• Exercise details: The records below hold a stretch from the line with "ALIAS, both HARD)" through the line with "different even though"; return exactly those lines, ends included, and nothing more.
--- START ---
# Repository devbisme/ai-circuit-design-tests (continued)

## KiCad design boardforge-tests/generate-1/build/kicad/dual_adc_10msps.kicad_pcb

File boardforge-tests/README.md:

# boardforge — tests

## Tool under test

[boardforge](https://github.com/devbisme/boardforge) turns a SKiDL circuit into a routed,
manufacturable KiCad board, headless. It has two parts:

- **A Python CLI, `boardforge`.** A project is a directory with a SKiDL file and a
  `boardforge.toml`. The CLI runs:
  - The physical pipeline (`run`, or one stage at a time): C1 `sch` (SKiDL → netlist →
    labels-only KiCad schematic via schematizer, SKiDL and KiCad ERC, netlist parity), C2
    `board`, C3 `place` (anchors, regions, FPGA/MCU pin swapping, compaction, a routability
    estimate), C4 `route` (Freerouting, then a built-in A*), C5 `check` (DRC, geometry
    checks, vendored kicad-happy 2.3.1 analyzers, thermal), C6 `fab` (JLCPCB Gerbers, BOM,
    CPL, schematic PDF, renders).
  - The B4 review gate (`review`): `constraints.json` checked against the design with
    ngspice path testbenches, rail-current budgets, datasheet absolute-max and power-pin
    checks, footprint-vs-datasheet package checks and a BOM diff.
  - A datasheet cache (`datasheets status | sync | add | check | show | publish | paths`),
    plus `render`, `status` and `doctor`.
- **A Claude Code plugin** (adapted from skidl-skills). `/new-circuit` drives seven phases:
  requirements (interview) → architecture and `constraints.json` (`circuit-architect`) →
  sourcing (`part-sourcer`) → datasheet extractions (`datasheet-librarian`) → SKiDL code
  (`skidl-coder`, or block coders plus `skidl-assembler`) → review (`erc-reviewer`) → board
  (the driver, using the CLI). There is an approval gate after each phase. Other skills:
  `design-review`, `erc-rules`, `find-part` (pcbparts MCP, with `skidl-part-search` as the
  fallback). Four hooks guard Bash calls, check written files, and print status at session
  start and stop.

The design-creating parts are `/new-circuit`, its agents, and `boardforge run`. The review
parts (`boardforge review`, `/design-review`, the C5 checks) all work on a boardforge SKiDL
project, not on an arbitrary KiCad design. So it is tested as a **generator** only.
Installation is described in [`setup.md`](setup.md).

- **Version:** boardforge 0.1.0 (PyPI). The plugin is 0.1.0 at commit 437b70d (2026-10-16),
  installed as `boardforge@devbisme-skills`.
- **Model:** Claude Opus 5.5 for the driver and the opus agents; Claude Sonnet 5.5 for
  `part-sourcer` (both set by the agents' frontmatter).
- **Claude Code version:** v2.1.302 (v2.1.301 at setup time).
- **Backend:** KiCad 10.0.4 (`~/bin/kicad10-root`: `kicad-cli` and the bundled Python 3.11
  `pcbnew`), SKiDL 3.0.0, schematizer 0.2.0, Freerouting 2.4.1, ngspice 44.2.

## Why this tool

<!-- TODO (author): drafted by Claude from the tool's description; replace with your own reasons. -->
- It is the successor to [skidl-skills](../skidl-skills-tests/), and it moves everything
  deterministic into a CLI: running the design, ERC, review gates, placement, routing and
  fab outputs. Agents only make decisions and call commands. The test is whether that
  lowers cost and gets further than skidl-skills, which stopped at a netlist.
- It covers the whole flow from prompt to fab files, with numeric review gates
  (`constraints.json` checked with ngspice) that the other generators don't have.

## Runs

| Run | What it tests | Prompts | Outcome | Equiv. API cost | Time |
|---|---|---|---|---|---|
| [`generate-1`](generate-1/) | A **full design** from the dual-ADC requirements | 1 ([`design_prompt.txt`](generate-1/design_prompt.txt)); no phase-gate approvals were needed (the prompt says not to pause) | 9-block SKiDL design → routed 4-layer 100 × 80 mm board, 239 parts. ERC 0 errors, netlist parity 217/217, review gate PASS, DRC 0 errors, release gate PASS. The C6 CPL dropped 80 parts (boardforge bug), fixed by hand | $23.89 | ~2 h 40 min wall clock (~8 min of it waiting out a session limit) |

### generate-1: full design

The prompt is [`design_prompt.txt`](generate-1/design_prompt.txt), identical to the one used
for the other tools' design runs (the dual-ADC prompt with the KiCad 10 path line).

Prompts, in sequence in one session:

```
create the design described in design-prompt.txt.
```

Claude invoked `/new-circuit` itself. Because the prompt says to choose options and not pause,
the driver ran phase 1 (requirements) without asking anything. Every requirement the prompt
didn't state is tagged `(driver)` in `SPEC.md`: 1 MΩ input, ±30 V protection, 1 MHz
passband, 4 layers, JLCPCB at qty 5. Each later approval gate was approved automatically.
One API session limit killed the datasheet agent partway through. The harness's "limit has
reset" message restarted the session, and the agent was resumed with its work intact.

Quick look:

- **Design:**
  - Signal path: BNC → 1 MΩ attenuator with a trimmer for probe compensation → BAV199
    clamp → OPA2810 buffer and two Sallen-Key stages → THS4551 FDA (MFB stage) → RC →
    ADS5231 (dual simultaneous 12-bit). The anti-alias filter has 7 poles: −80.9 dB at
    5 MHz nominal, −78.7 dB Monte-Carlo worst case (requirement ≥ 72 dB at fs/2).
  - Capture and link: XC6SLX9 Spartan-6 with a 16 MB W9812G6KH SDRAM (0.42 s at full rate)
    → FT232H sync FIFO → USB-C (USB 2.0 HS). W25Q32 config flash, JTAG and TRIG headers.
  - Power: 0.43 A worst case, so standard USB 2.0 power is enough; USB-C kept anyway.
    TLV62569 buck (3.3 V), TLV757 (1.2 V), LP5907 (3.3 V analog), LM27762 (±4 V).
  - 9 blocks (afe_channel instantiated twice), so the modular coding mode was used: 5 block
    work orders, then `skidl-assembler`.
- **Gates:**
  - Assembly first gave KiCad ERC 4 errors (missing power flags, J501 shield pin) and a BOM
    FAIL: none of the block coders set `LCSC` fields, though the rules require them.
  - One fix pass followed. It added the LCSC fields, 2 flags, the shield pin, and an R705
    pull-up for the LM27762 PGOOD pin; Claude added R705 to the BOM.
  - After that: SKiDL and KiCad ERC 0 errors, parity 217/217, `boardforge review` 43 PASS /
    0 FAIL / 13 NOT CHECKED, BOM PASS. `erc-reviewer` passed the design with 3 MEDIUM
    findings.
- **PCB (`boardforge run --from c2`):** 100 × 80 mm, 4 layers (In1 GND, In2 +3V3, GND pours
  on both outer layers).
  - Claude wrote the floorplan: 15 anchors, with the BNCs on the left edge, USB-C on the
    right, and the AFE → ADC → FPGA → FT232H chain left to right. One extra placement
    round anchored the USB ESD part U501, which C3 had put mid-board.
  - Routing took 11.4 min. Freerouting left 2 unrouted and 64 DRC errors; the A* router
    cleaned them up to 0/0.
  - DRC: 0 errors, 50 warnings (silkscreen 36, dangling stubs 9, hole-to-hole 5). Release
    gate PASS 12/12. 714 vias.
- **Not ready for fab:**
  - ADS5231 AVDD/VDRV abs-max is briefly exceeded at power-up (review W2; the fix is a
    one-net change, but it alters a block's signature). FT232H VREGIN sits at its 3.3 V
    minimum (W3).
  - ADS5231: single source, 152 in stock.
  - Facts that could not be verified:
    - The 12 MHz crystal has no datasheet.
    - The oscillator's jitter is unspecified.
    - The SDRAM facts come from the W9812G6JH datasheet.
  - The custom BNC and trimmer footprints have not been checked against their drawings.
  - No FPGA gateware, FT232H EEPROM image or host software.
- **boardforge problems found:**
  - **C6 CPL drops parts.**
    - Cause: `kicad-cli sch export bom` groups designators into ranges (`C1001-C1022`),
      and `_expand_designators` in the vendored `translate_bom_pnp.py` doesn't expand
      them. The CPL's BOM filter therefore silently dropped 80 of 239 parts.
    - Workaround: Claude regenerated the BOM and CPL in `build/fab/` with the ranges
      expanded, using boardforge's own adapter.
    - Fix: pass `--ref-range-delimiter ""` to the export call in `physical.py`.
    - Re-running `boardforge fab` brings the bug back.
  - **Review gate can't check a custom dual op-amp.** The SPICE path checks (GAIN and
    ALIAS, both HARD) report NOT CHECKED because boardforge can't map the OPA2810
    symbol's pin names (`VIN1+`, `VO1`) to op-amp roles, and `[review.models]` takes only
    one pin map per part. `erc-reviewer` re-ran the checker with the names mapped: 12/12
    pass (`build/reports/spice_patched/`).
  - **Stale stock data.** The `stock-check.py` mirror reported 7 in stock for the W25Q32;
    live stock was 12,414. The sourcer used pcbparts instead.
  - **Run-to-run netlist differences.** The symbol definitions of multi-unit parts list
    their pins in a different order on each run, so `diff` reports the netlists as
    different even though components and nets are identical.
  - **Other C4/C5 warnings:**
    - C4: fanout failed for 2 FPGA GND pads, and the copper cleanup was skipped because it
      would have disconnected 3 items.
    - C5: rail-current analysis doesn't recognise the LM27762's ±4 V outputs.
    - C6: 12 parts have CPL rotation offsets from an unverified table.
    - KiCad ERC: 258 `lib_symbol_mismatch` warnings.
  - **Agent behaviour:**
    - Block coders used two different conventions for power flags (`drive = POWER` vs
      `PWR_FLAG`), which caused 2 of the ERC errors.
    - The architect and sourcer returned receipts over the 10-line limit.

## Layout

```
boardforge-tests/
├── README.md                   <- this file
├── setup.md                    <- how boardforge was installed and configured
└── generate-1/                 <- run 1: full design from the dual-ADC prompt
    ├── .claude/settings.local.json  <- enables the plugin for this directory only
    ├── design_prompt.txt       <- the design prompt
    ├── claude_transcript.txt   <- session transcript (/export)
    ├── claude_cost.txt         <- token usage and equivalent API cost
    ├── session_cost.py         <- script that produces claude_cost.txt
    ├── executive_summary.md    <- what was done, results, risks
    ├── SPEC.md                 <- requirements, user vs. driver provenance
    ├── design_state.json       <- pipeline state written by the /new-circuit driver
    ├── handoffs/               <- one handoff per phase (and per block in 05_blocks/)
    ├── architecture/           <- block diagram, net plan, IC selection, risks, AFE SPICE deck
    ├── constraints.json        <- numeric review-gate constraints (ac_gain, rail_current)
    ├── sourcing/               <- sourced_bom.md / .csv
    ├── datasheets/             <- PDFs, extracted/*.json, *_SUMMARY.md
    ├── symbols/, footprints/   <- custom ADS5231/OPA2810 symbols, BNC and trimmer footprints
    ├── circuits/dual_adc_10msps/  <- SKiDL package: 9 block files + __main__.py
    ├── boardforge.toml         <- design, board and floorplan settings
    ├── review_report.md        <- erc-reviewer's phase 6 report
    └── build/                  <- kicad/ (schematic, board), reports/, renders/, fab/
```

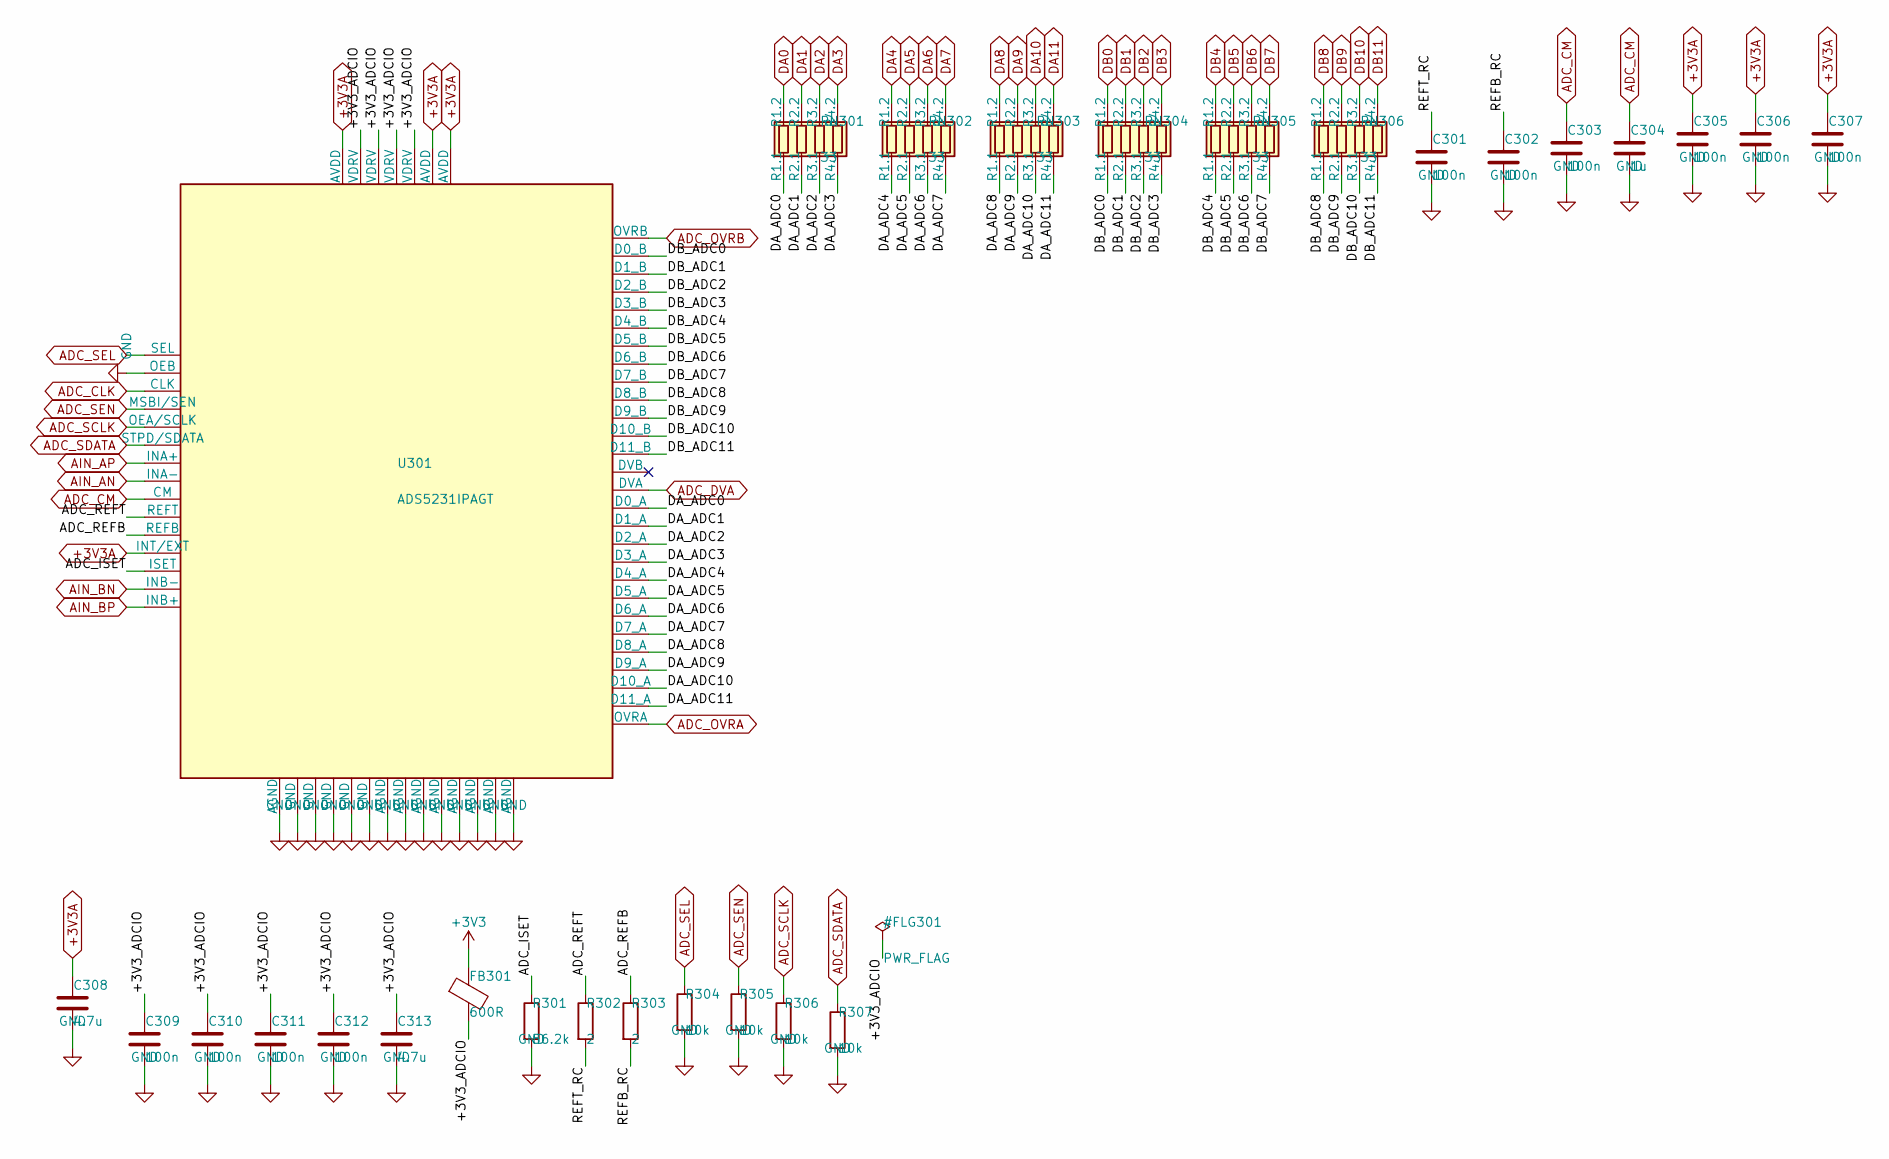
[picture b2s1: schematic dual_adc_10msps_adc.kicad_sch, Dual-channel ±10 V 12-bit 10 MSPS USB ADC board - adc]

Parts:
C301, C302, C303, C305, C306, C307, C309, C310, C311, C312: 100n; C_0402_1005Metric; MPN CL05B104KB54PNC; LCSC C307331
C304: 1u; C_0402_1005Metric; MPN CL05A105KA5NQNC; LCSC C52923
C308, C313: 4.7u; C_0603_1608Metric; MPN CL10A475KO8NNNC; LCSC C19666
FB301: 600R; L_0603_1608Metric; MPN BLM18KG601SN1D; LCSC C85833
R301: 56.2k; R_0402_1005Metric; MPN FRC0402F5622TS; LCSC C5126096
R302, R303: 2; R_0402_1005Metric; MPN FRC0402F2R00TS; LCSC C2998051
R304, R305, R306, R307: 10k; R_0402_1005Metric; MPN 0402WGF1002TCE; LCSC C25744
RN301, RN302, RN303, RN304, RN305, RN306: 33; R_Array_Convex_4x0402; MPN 4D02WGJ0330TCE; LCSC C25501
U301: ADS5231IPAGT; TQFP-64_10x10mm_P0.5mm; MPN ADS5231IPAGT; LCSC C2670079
--- END ---
• Output for this exercise:
    ALIAS, both HARD) report NOT CHECKED because boardforge can't map the OPA2810
    symbol's pin names (`VIN1+`, `VO1`) to op-amp roles, and `[review.models]` takes only
    one pin map per part. `erc-reviewer` re-ran the checker with the names mapped: 12/12
    pass (`build/reports/spice_patched/`).
  - **Stale stock data.** The `stock-check.py` mirror reported 7 in stock for the W25Q32;
    live stock was 12,414. The sourcer used pcbparts instead.
  - **Run-to-run netlist differences.** The symbol definitions of multi-unit parts list
    their pins in a different order on each run, so `diff` reports the netlists as
    different even though components and nets are identical.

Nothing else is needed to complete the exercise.